Wrote Powerful Plays

Cleage earned widespread praise for her dramatic account of the Exodus of 1879 in her 1992 play Flyin' West. In Flyin' West, Cleage focuses on four black women in the 1890s who escaped the racism of the south by homesteading in the Midwest. The idea for the play, which is set in the real-life black settlement of Nicodemus, Kansas, came to Cleage from the writings of Ida B. Wells, a turn of the century Memphis newspaper columnist who urged African Americans to go west in search of greater freedom. "On the surface it's about homesteaders in the American West, pioneers. But it's also a way to talk about contemporary issues, like race, gender, class, feminist issues. I'm a poet; I'm not a politician. My play is the form I use to get people to think about things that way," Cleage told Steve Monroe of American Visions. Among the theaters where Flyin' West has been staged is the Crossroads Theater Company in New Brunswick, New Jersey, with a cast headed by Olivia Cole. "Flyin' West couches an uncompromising black feminist credo in a conventionally entertaining domestic melodrama, laced with chipper comic exchanges. Its smooth blend of inspirational didacticism and homespun charm will be familiar to viewers of the women-oriented message movies shown on the Lifetime cable television network. But it has a sharper political bite, cheerfully arguing for black separatism and the right of abused wives to take vengeance into their own hands," wrote Ben Brantley of the New York Times in his review of the 1993 Crossroads production. Flyin' West became the most produced new play in America in 1994, and in 2007 it continued to be produced and touted as "a richly compelling portrait addressing issues of family, community, domestic violence and racial identity," according to Chicago Defender Earl Calloway before the show opened at the University of Chicago.

Cleage again turned to African-American history for the basis of the play Blues for an Alabama Sky, set in the waning days of the Harlem Renaissance in early 1930s. The play focuses on Angel Allen, a down-on-her-luck blues singer who, after breaking up with her white gangster boyfriend, contemplates marriage to a seemingly honest if lackluster black man from the south. Also on hand are Angel's neighbors, including a gay male clothes designer with dreams of living in Paris, and an earnest young woman trying to open a birth control clinic in Harlem. "You could say Cleage hits all the clichés in her story, but you could also say that she smacks them so hard their faces shine and they look fresh…It's to Cleage's credit that she refuses to resolve the troublesome issues of birth control, abortion, sexual freedom, duty to the self and duty to the community. The play is clumsy at times, but it's never glib," wrote Lloyd Rose of the Washington Post in a review of an Arena Stage, Washington, D.C. production of Blues for an Alabama Sky starring Phylicia Rashad in 1996.
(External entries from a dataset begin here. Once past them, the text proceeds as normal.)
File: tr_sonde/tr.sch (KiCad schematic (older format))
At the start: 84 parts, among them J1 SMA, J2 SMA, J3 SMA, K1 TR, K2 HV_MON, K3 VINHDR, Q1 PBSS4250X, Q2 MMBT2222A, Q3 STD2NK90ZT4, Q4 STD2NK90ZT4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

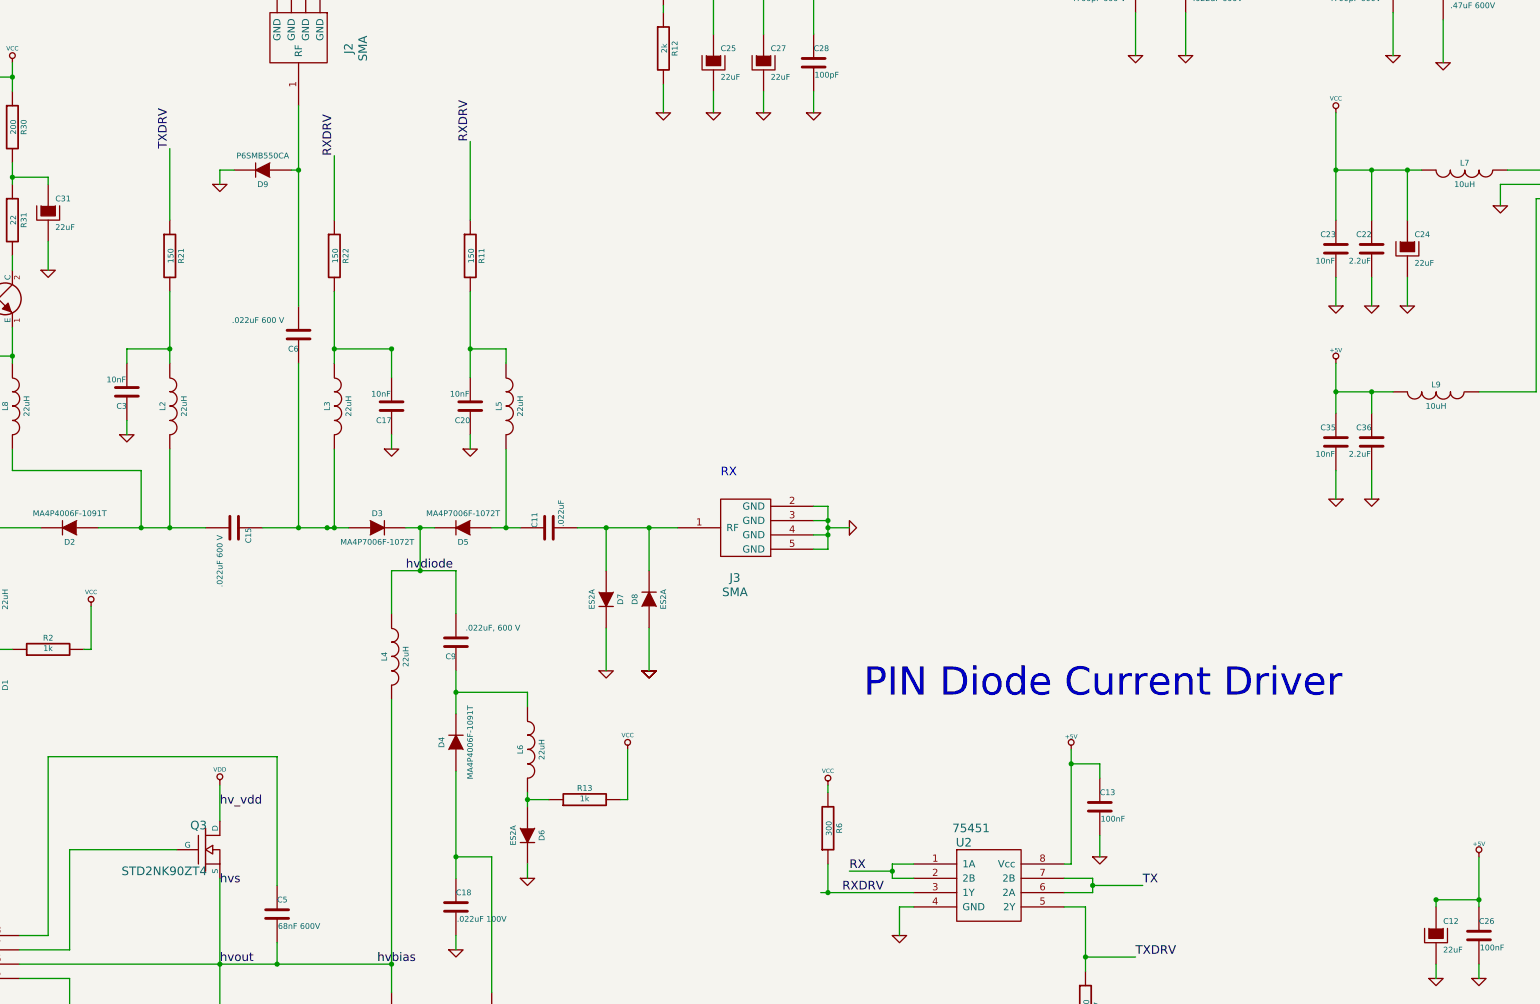
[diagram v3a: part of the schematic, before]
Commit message: moved agc coupled signal splitting off-board
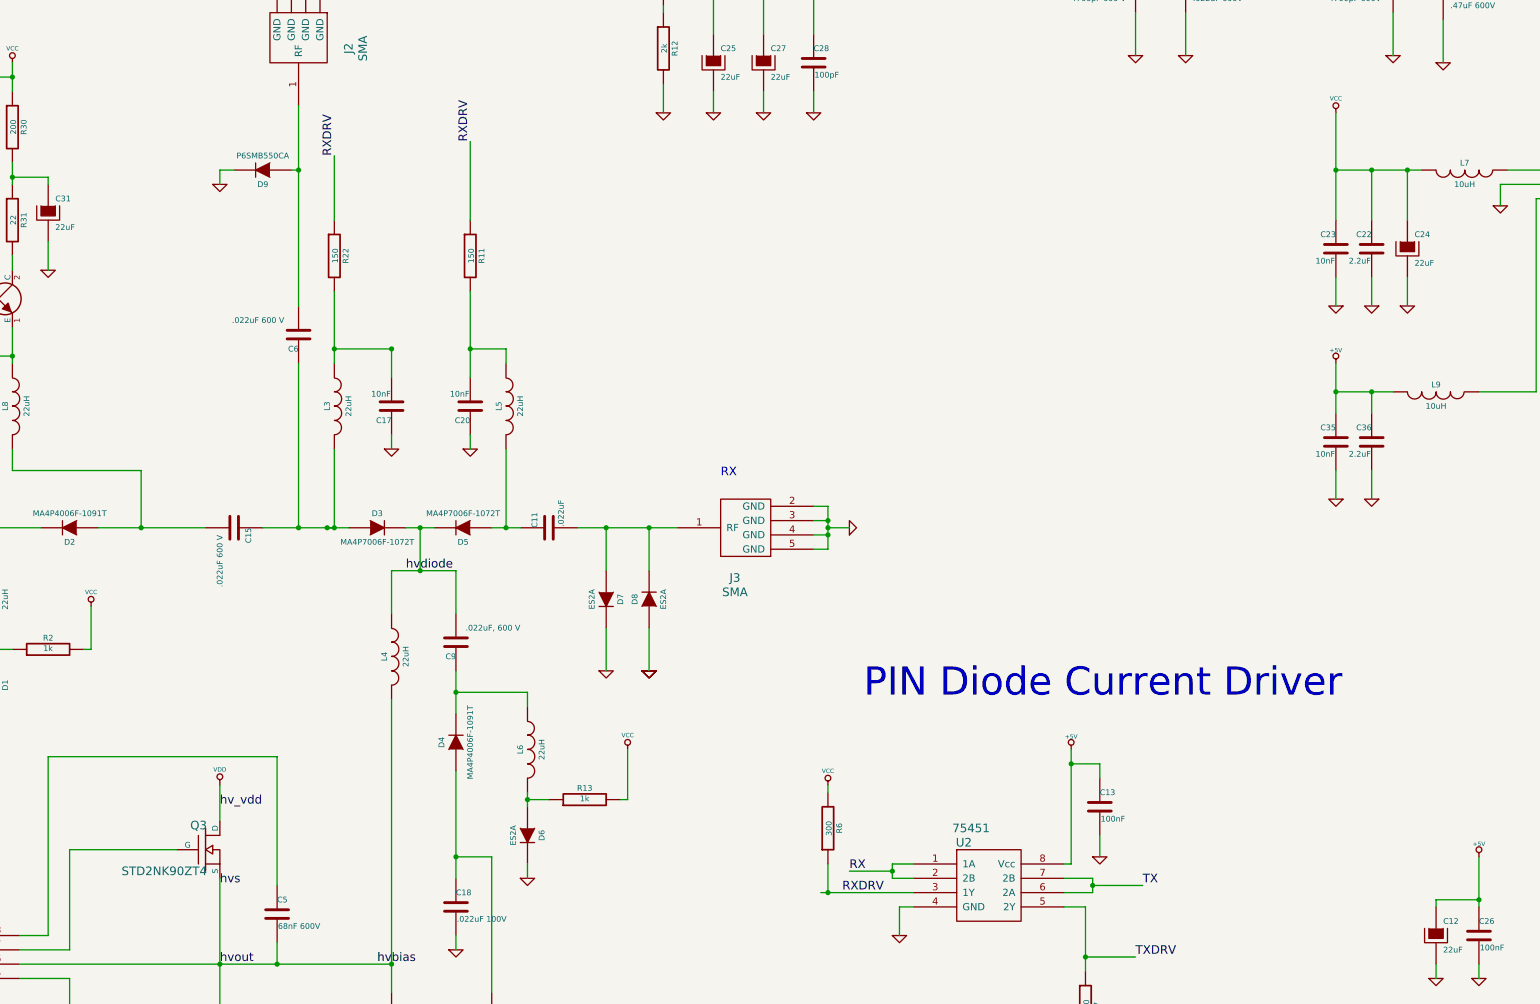
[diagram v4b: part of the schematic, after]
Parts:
- removed C3: 10nF, smd_capacitors:c_0805, symbol C
- removed L2: 22uH, smd_capacitors:c_1210, symbol INDUCTOR
- removed R21: 150, smd_capacitors:c_0805, symbol R
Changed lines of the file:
@@
-$EndComp
-$Comp
-L INDUCTOR L2
-U 1 1 52AA151D
-P 4600 4950
-F 0 "L2" V 4550 4950 40  0000 C CNN
-F 1 "22uH" V 4700 4950 40  0000 C CNN
-F 2 "smd_capacitors:c_1210" H 4600 4950 60  0001 C CNN
-F 3 "~" H 4600 4950 60  0000 C CNN
-	1    4600 4950
-	1    0    0    -1
 $EndComp
 $Comp
@@
 	1    6950 4950
 	1    0    0    -1
-$EndComp
-$Comp
-L C C3
-U 1 1 52AA19DC
-P 4300 4850
-F 0 "C3" H 4300 4950 40  0000 L CNN
-F 1 "10nF" H 4306 4765 40  0000 L CNN
-F 2 "smd_capacitors:c_0805" H 4338 4700 30  0001 C CNN
-F 3 "~" H 4300 4850 60  0000 C CNN
-	1    4300 4850
-	-1   0    0    1
 $EndComp
 $Comp
@@
 $EndComp
 $Comp
-L GND #PWR010
-U 1 1 52AA19EF
-P 4300 5150
-F 0 "#PWR010" H 4300 5150 30  0001 C CNN
-F 1 "GND" H 4300 5080 30  0001 C CNN
-F 2 "" H 4300 5150 60  0000 C CNN
-F 3 "" H 4300 5150 60  0000 C CNN
-	1    4300 5150
-	1    0    0    -1
-$EndComp
-$Comp
 L DIODE D7
 U 1 1 52AA1B5A
@@
 F 3 "" H 6150 5250 60  0000 C CNN
 	1    6150 5250
-	1    0    0    -1
-$EndComp
-$Comp
-L R R21
-U 1 1 52AE7113
-P 4600 3900
-F 0 "R21" V 4680 3900 40  0000 C CNN
-F 1 "150" V 4607 3901 40  0000 C CNN
-F 2 "smd_capacitors:c_0805" V 4530 3900 30  0001 C CNN
-F 3 "~" H 4600 3900 30  0000 C CNN
-	1    4600 3900
 	1    0    0    -1
 $EndComp
@@
 Text Label 6700 3100 1    60   ~ 0
 RXDRV
-Text Label 4600 3150 1    60   ~ 0
-TXDRV
 Text Label 11400 8300 0    60   ~ 0
 TX
@@
 Wire Wire Line
 	9300 1550 9600 1550
-Connection ~ 13450 8400
 Wire Wire Line
 	13450 8450 13450 8400
@@
 Wire Wire Line
 	6850 9550 6850 10150
-Wire Wire Line
-	4600 3150 4600 3650
 Wire Wire Line
 	6700 3100 6700 3650
@@
 	5250 5800 5850 5800
 Wire Wire Line
-	4600 4150 4600 4650
-Wire Wire Line
 	15400 6450 15900 6450
 Wire Wire Line
@@
 Wire Wire Line
 	3550 8850 6150 8850
-Connection ~ 4600 5800
-Wire Wire Line
-	4600 5800 4600 5250
 Wire Wire Line
 	5350 8850 5350 8700
@@
 Connection ~ 6950 5800
 Wire Wire Line
-	4300 5050 4300 5150
-Wire Wire Line
 	6150 6100 6150 6400
 Wire Wire Line
@@
 Wire Wire Line
 	7950 6500 7950 6800
-Connection ~ 4600 4550
 Wire Wire Line
 	6950 5250 6950 5800
@@
 	2400 4450 2600 4450
 Wire Wire Line
-	4300 4550 4600 4550
-Wire Wire Line
 	13450 8400 13750 8400
 Wire Wire Line
@@
 Wire Wire Line
 	6950 4550 6950 4650
-Wire Wire Line
-	4300 4550 4300 4650
 $EndSCHEMATC

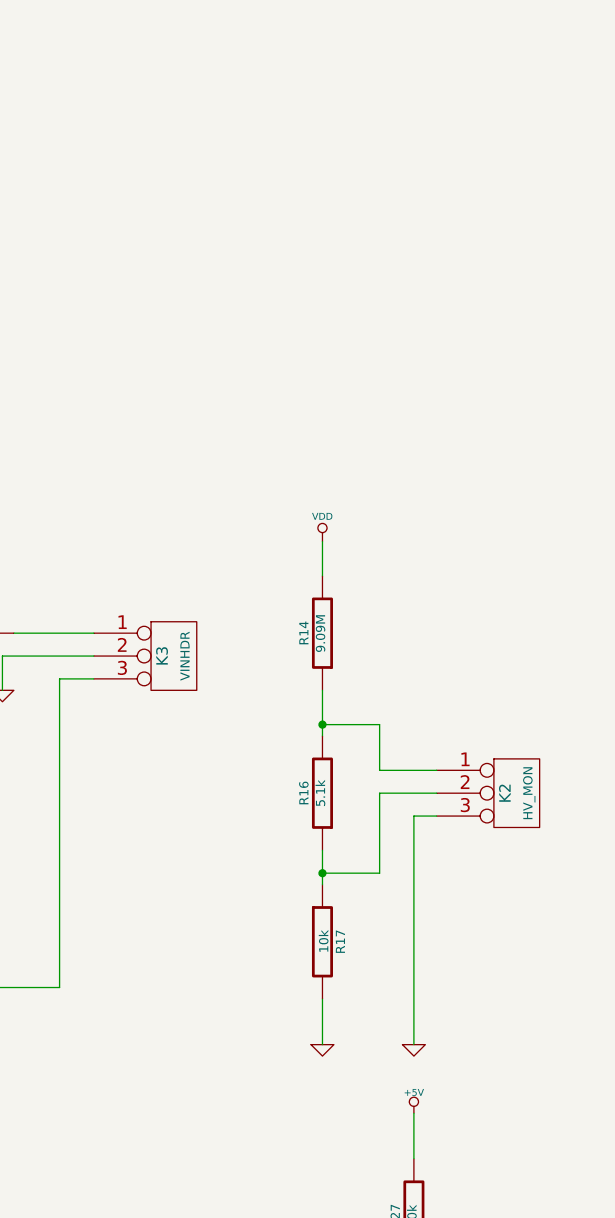
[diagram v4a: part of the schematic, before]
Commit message: added limiters to agc
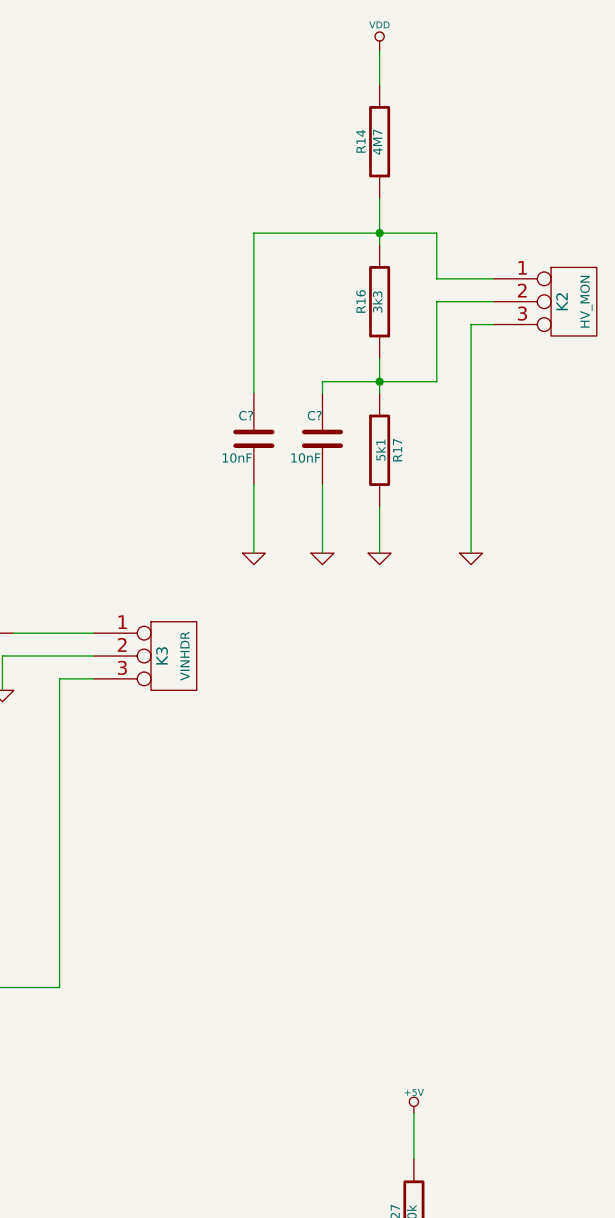
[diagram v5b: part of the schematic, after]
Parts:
- added C? (x2): 10nF, smd_capacitors:c_0805, symbol C
- R14: value 9.09M -> 4M7
- R16: value 5.1k -> 3k3
- R17: value 10k -> 5k1
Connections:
- net GND: now also C?.2, C?.2
- net at K2.1 (P1), R14.1, R16.2: now also C?.1
- net at K2.2 (PM), R16.1, R17.1: now also C?.1
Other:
- moved on the sheet: K2, R14, R16, R17
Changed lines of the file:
@@
 L R R14
 U 1 1 537FA2EB
-P 15300 3300
-F 0 "R14" V 15380 3300 40  0000 C CNN
-F 1 "9.09M" V 15307 3301 40  0000 C CNN
-F 2 "smd_capacitors:c_0805" V 15230 3300 30  0001 C CNN
-F 3 "~" H 15300 3300 30  0000 C CNN
-	1    15300 3300
+P 15550 1150
+F 0 "R14" V 15630 1150 40  0000 C CNN
+F 1 "4M7" V 15557 1151 40  0000 C CNN
+F 2 "smd_capacitors:c_0805" V 15480 1150 30  0001 C CNN
+F 3 "~" H 15550 1150 30  0000 C CNN
+	1    15550 1150
 	-1   0    0    1
 $EndComp
@@
 L R R16
 U 1 1 537FA2F6
-P 15300 4000
-F 0 "R16" V 15380 4000 40  0000 C CNN
-F 1 "5.1k" V 15307 4001 40  0000 C CNN
-F 2 "smd_capacitors:c_0805" V 15230 4000 30  0001 C CNN
-F 3 "~" H 15300 4000 30  0000 C CNN
-	1    15300 4000
+P 15550 1850
+F 0 "R16" V 15630 1850 40  0000 C CNN
+F 1 "3k3" V 15557 1851 40  0000 C CNN
+F 2 "smd_capacitors:c_0805" V 15480 1850 30  0001 C CNN
+F 3 "~" H 15550 1850 30  0000 C CNN
+	1    15550 1850
 	-1   0    0    1
 $EndComp
@@
 L CONN_3 K2
 U 1 1 537FA301
-P 16150 4000
-F 0 "K2" V 16100 4000 50  0000 C CNN
-F 1 "HV_MON" V 16200 4000 40  0000 C CNN
-F 2 "Connect:PINHEAD1-3" H 16150 4000 60  0001 C CNN
-F 3 "~" H 16150 4000 60  0000 C CNN
-	1    16150 4000
+P 16400 1850
+F 0 "K2" V 16350 1850 50  0000 C CNN
+F 1 "HV_MON" V 16450 1850 40  0000 C CNN
+F 2 "Connect:PINHEAD1-3" H 16400 1850 60  0001 C CNN
+F 3 "~" H 16400 1850 60  0000 C CNN
+	1    16400 1850
 	1    0    0    -1
 $EndComp
@@
 L VDD #PWR048
 U 1 1 537FA30C
-P 15300 2900
-F 0 "#PWR048" H 15300 3000 30  0001 C CNN
-F 1 "VDD" H 15300 3010 30  0000 C CNN
-F 2 "" H 15300 2900 60  0000 C CNN
-F 3 "" H 15300 2900 60  0000 C CNN
-	1    15300 2900
+P 15550 750
+F 0 "#PWR048" H 15550 850 30  0001 C CNN
+F 1 "VDD" H 15550 860 30  0000 C CNN
+F 2 "" H 15550 750 60  0000 C CNN
+F 3 "" H 15550 750 60  0000 C CNN
+	1    15550 750
 	1    0    0    -1
 $EndComp
@@
 L GND #PWR049
 U 1 1 537FA865
-P 15300 5100
-F 0 "#PWR049" H 15300 5100 30  0001 C CNN
-F 1 "GND" H 15300 5030 30  0001 C CNN
-F 2 "" H 15300 5100 60  0000 C CNN
-F 3 "" H 15300 5100 60  0000 C CNN
-	1    15300 5100
+P 15550 2950
+F 0 "#PWR049" H 15550 2950 30  0001 C CNN
+F 1 "GND" H 15550 2880 30  0001 C CNN
+F 2 "" H 15550 2950 60  0000 C CNN
+F 3 "" H 15550 2950 60  0000 C CNN
+	1    15550 2950
 	1    0    0    -1
 $EndComp
@@
 L R R17
 U 1 1 537FAAA4
-P 15300 4650
-F 0 "R17" V 15380 4650 40  0000 C CNN
-F 1 "10k" V 15307 4651 40  0000 C CNN
-F 2 "smd_capacitors:c_0805" V 15230 4650 30  0001 C CNN
-F 3 "~" H 15300 4650 30  0000 C CNN
-	1    15300 4650
+P 15550 2500
+F 0 "R17" V 15630 2500 40  0000 C CNN
+F 1 "5k1" V 15557 2501 40  0000 C CNN
+F 2 "smd_capacitors:c_0805" V 15480 2500 30  0001 C CNN
+F 3 "~" H 15550 2500 30  0000 C CNN
+	1    15550 2500
 	1    0    0    -1
 $EndComp
@@
 L GND #PWR050
 U 1 1 537FAD00
-P 15700 5100
-F 0 "#PWR050" H 15700 5100 30  0001 C CNN
-F 1 "GND" H 15700 5030 30  0001 C CNN
-F 2 "" H 15700 5100 60  0000 C CNN
-F 3 "" H 15700 5100 60  0000 C CNN
-	1    15700 5100
+P 15950 2950
+F 0 "#PWR050" H 15950 2950 30  0001 C CNN
+F 1 "GND" H 15950 2880 30  0001 C CNN
+F 2 "" H 15950 2950 60  0000 C CNN
+F 3 "" H 15950 2950 60  0000 C CNN
+	1    15950 2950
 	1    0    0    -1
 $EndComp
@@
 	8050 1400 8050 1750
 Wire Wire Line
-	15700 4100 15700 5100
-Wire Wire Line
-	15800 4100 15700 4100
-Wire Wire Line
-	15300 4900 15300 5100
-Connection ~ 15300 4350
-Wire Wire Line
-	15550 4000 15800 4000
-Wire Wire Line
-	15550 4350 15550 4000
-Wire Wire Line
-	15300 4350 15550 4350
-Wire Wire Line
-	15300 4250 15300 4400
-Connection ~ 15300 3700
-Wire Wire Line
-	15550 3900 15800 3900
-Wire Wire Line
-	15550 3700 15550 3900
-Wire Wire Line
-	15300 3700 15550 3700
-Wire Wire Line
-	15300 3550 15300 3750
-Wire Wire Line
-	15300 2900 15300 3050
+	15950 1950 15950 2950
+Wire Wire Line
+	16050 1950 15950 1950
+Wire Wire Line
+	15550 2750 15550 2950
+Connection ~ 15550 2200
+Wire Wire Line
+	15800 1850 16050 1850
+Wire Wire Line
+	15800 2200 15800 1850
+Wire Wire Line
+	15300 2200 15800 2200
+Wire Wire Line
+	15550 2100 15550 2250
+Connection ~ 15550 1550
+Wire Wire Line
+	15800 1750 16050 1750
+Wire Wire Line
+	15800 1550 15800 1750
+Wire Wire Line
+	15000 1550 15800 1550
+Wire Wire Line
+	15550 1400 15550 1600
+Wire Wire Line
+	15550 750  15550 900
 Wire Wire Line
 	9200 7600 9200 7650
@@
 Wire Wire Line
 	6950 4550 6950 4650
+$Comp
+L C C?
+U 1 1 53D17704
+P 15300 2450
+F 0 "C?" H 15300 2550 40  0000 L CNN
+F 1 "10nF" H 15306 2365 40  0000 L CNN
+F 2 "smd_capacitors:c_0805" H 15338 2300 30  0001 C CNN
+F 3 "~" H 15300 2450 60  0000 C CNN
+	1    15300 2450
+	-1   0    0    -1
+$EndComp
+$Comp
+L C C?
+U 1 1 53D1770F
+P 15000 2450
+F 0 "C?" H 15000 2550 40  0000 L CNN
+F 1 "10nF" H 15006 2365 40  0000 L CNN
+F 2 "smd_capacitors:c_0805" H 15038 2300 30  0001 C CNN
+F 3 "~" H 15000 2450 60  0000 C CNN
+	1    15000 2450
+	-1   0    0    -1
+$EndComp
+$Comp
+L GND #PWR?
+U 1 1 53D1771A
+P 15300 2950
+F 0 "#PWR?" H 15300 2950 30  0001 C CNN
+F 1 "GND" H 15300 2880 30  0001 C CNN
+F 2 "" H 15300 2950 60  0000 C CNN
+F 3 "" H 15300 2950 60  0000 C CNN
+	1    15300 2950
+	1    0    0    -1
+$EndComp
+$Comp
+L GND #PWR?
+U 1 1 53D17725
+P 15000 2950
+F 0 "#PWR?" H 15000 2950 30  0001 C CNN
+F 1 "GND" H 15000 2880 30  0001 C CNN
+F 2 "" H 15000 2950 60  0000 C CNN
+F 3 "" H 15000 2950 60  0000 C CNN
+	1    15000 2950
+	1    0    0    -1
+$EndComp
+Wire Wire Line
+	15000 2650 15000 2950
+Wire Wire Line
+	15300 2650 15300 2950
+Wire Wire Line
+	15300 2200 15300 2250
+Wire Wire Line
+	15000 1550 15000 2250
 $EndSCHEMATC

In Bourbon at the Border, first staged at the Alliance Theatre in Atlanta in 1997, Cleage deals with the aftermath of historical events. In the play a group of middle-aged characters cope with the memory of their experience as young activists in the 1960s when their attempts to register black voters in Mississippi met with violent resistance. The setting is an apartment overlooking the Ambassador Bridge that connects Detroit with Windsor, Ontario. "Out of all my plays Bourbon at the Border was the hardest for me to write, but I'd call it a love story in spite of itself. These characters are struggling to find a peaceful place to love each other," Cleage told Angela P. Moore of Upscale. It was important to Cleage that the characters in the play were depicted as regular working people, not legendary radicals or rarified intellectuals. "There's this feeling that everyone in the civil rights movement was either martyred and killed or they not only survived but went on to be elected mayor or go to Congress. It's a feeling that everybody involved was a great warrior," Cleage explained to Mark Binelli of the Atlanta Journal and Constitution.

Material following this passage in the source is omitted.